这位柳德妃实在叫人无奈,虽然人在深宫,可总也该对外边的事情有所耳闻罢?莫非她是闭目塞听不成?可再怎么样,太后娘娘母族她也该要留言些,听紫韵姑姑说,似乎这柳德妃还有意让大皇子问鼎储君宝座呢,这种觉悟,又怎么能成事?
“这朝堂里有一帮中青年的臣子,因着根基不如那些旧的世家大族,极想拥立出一位没有根基的太子,登基以后便只能倚仗他们,因此那些人也能因着拥立的功劳春风得意,连升几级,将那些世家大族踩在脚下。”紫韵姑姑一边说着,嘴角却有不屑的笑容:“那柳德妃也真是昏头昏脑,被撺掇了几句便以为自己的儿子真有当太子的本钱——那班人每日里只说着储君自然该立长,可也不想想,这长能不能立得起来?”
秋华有些沉默,大周的皇上们似乎并不遵循立嫡立长,历代的皇上没有一位是以长子身份继位,这柳德妃出身寒微,被朝臣们几句话便煽动着想要让儿子做皇上,未免将算盘挂得太高了些。
“你这奴婢,竟然还在狡辩!”柳德妃从侧面软帘那边看了看,明珠郡主似乎没有理睬这边,正和身边的一位妈妈在拉拉扯扯,不由得将脸一沉,一双眼珠子瞪住了秋华:“你自己好生看看,明珠郡主可有想过来的意思?若你真是侯府小姐,她岂不会来给你解释?”
“娘娘,明珠郡主又何曾想到娘娘会怀疑我的身份?若是不信,可将她喊过来问问便知。
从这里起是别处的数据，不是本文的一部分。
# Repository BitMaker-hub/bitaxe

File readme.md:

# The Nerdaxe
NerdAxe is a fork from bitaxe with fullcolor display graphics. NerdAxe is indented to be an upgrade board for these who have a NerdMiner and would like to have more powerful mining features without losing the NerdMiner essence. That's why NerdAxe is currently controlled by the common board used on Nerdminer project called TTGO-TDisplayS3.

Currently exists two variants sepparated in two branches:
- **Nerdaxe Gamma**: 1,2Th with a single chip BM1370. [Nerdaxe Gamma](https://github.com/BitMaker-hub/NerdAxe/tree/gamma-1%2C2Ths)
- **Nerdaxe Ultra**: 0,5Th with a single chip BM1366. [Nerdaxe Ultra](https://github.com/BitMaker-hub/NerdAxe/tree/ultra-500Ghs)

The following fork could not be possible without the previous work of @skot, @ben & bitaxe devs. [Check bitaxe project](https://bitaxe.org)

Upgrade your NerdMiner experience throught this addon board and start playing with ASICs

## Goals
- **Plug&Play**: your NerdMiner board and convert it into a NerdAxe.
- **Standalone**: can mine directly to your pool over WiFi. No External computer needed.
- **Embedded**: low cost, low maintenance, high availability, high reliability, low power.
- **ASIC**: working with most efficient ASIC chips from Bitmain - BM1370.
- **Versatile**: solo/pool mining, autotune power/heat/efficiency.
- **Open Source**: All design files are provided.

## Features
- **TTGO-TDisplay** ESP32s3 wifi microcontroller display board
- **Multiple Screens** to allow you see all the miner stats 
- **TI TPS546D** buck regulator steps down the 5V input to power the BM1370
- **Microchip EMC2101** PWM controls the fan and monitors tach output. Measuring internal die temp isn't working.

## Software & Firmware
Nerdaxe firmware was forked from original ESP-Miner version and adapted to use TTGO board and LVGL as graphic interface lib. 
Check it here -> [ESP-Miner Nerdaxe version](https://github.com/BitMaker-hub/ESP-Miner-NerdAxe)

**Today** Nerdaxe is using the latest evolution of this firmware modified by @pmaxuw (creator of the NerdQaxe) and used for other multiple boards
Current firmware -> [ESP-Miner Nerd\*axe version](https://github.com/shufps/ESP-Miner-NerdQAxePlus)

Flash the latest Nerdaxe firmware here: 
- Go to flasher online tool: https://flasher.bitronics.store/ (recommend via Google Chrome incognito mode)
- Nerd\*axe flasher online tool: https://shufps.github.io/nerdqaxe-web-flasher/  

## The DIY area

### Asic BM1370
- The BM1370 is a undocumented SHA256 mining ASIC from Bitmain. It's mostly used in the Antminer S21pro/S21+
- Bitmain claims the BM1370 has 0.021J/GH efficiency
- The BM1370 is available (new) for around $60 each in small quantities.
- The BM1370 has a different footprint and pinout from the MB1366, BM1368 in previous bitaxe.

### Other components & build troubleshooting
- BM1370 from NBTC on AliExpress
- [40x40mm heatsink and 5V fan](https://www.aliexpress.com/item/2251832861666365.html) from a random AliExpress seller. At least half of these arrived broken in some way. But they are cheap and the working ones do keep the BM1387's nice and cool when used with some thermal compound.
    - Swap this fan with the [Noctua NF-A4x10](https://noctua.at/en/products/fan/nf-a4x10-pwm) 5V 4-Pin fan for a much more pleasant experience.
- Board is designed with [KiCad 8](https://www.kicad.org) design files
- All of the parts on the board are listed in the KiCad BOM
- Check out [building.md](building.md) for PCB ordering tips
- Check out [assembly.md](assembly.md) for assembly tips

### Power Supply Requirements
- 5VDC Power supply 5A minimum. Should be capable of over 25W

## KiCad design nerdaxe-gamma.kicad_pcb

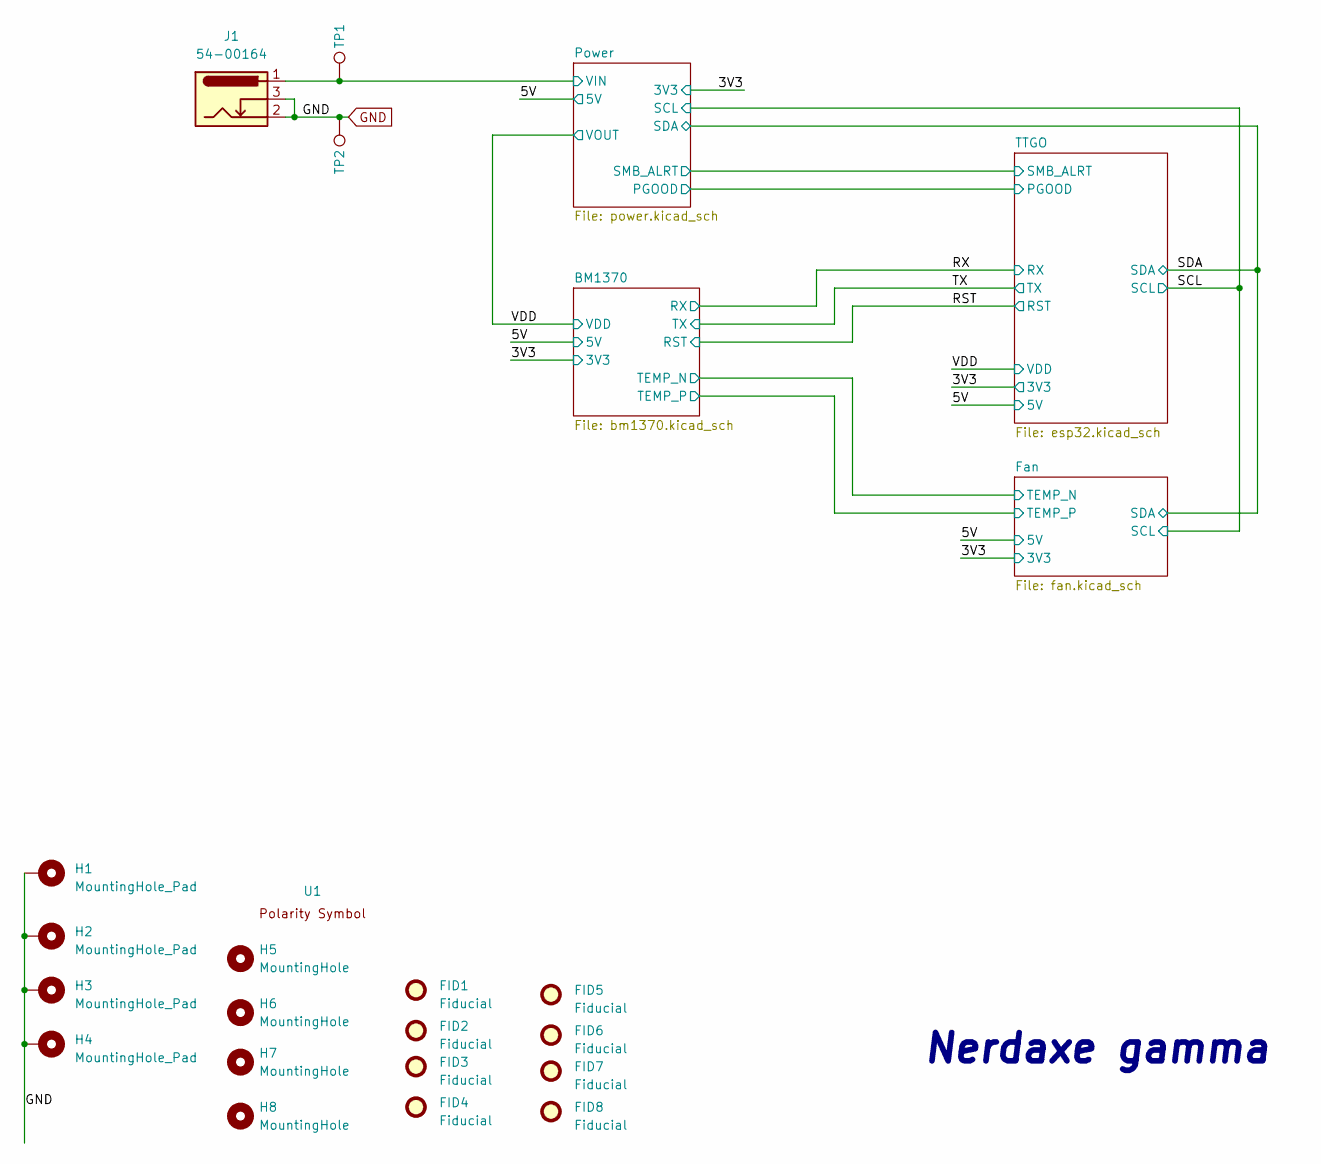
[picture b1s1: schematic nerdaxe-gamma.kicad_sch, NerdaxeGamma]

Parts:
FID1, FID2, FID3, FID4, FID5, FID6, FID7, FID8: Fiducial; Fiducial_1mm_Mask2mm
H1, H2, H3, H4: MountingHole_Pad; MountingHole_3mm_Pad_Via
H5, H6, H7, H8: MountingHole; MountingHole_3.5mm
J1: 54-00164; TENSILITY_54-00164; PARTNO 54-00164; LCSC C431534
TP1, TP2: TestPoint; TestPoint_Pad_D1.5mm
U1: polarity

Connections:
/5V: J1.1, TP1.1; also elsewhere on the board

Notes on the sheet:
Nerdaxe gamma

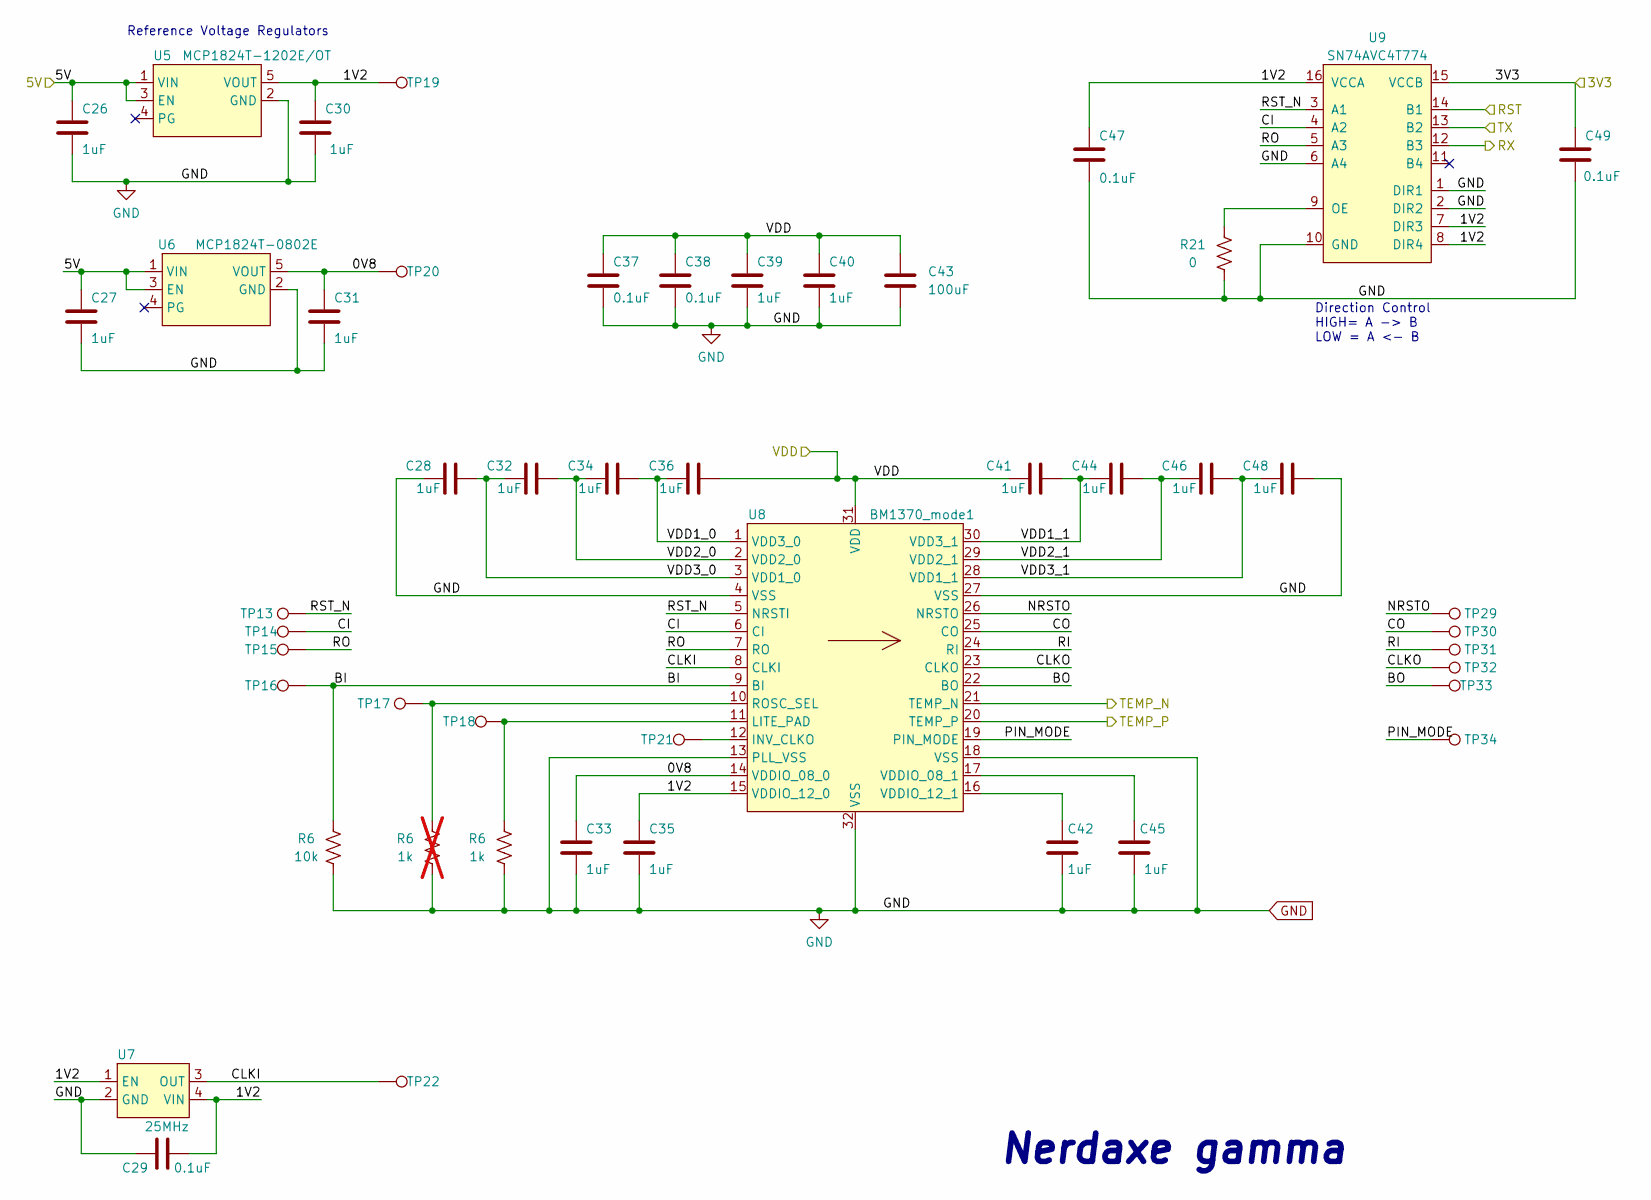
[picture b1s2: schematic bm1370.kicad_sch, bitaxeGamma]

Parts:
C26, C27, C28, C30, C31, C32, C33, C34, C35, C36, C39, C40, C41, C42, C44, C45, C46, C48: 1uF; C_0402_1005Metric; PARTNO EMK105BJ105MV-F
C29, C37, C38, C47, C49: 0.1uF; C_0402_1005Metric; PARTNO CL05A104KO5NNNC
C43: 100uF; C_1206_3216Metric; PARTNO CL31A107MQHNNNE
R6: 1k; R_0402_1005Metric; PARTNO RC0402FR-071KL; not fitted
R21: 0; R_0402_1005Metric; PARTNO RC0402FR-0720KL
TP13, TP14, TP15, TP16, TP17, TP18, TP19, TP20, TP21, TP22, TP29, TP30, TP31, TP32, TP33, TP34: TestPoint; TestPoint_Pad_D1.5mm
U5: MCP1824T-1202E/OT; SOT-23-5; PARTNO MCP1824T-1202E/OT
U6: MCP1824T-0802E; SOT-23-5; PARTNO MCP1824T-0802E/OT
U7: 25MHz; SMD3225-4P; PARTNO SX3M25.000E20F30THN; LCSC C5137262
U8: BM1370_mode1; BM1370
U9: SN74AVC4T774; TSSOP-16_4.4x5mm_P0.65mm; PARTNO SN74AVC4T774PWR

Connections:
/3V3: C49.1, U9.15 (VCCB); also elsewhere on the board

”秋华心中正是郁闷,今日出门没看黄历,竟然遇着了这样一个不讲道理的柳德妃,也算是倒霉到家了。
“玉敏,这个奴婢真是不知死活,快给我掌嘴!”柳德妃眉毛一竖,厉声喝道:“不把本宫放在眼里,见本宫的辇驾过来还在吵吵嚷嚷,真真是找死!”
那站在轿子旁边的宫女应了一句,朝秋华走了过来,举起手来便要落掌,秋华见情形不妙,大喊了一声:“谁敢打我?到时候太后娘娘怪罪下来,你又能担得起责任?”
那位叫玉敏的宫女举着手站在那里,呆呆的看着秋华,一时间手不敢落下来,轿子里柳德妃气急败坏:“即便你是侯府小姐,我打了也就打了,看谁又敢说话?玉敏,给我重重的打!”
眼见着手掌要落下来,却在半空里被人抓住,半分也动弹不得,秋华抬头一看,却是阮妈妈正抓住那宫女的手,眼睛恶狠狠的盯着她:“谁敢打我家小姐?”
“反了反了!”柳德妃在轿子里边拍着坐垫直叫唤:“快将这几个人都给我抓起来!”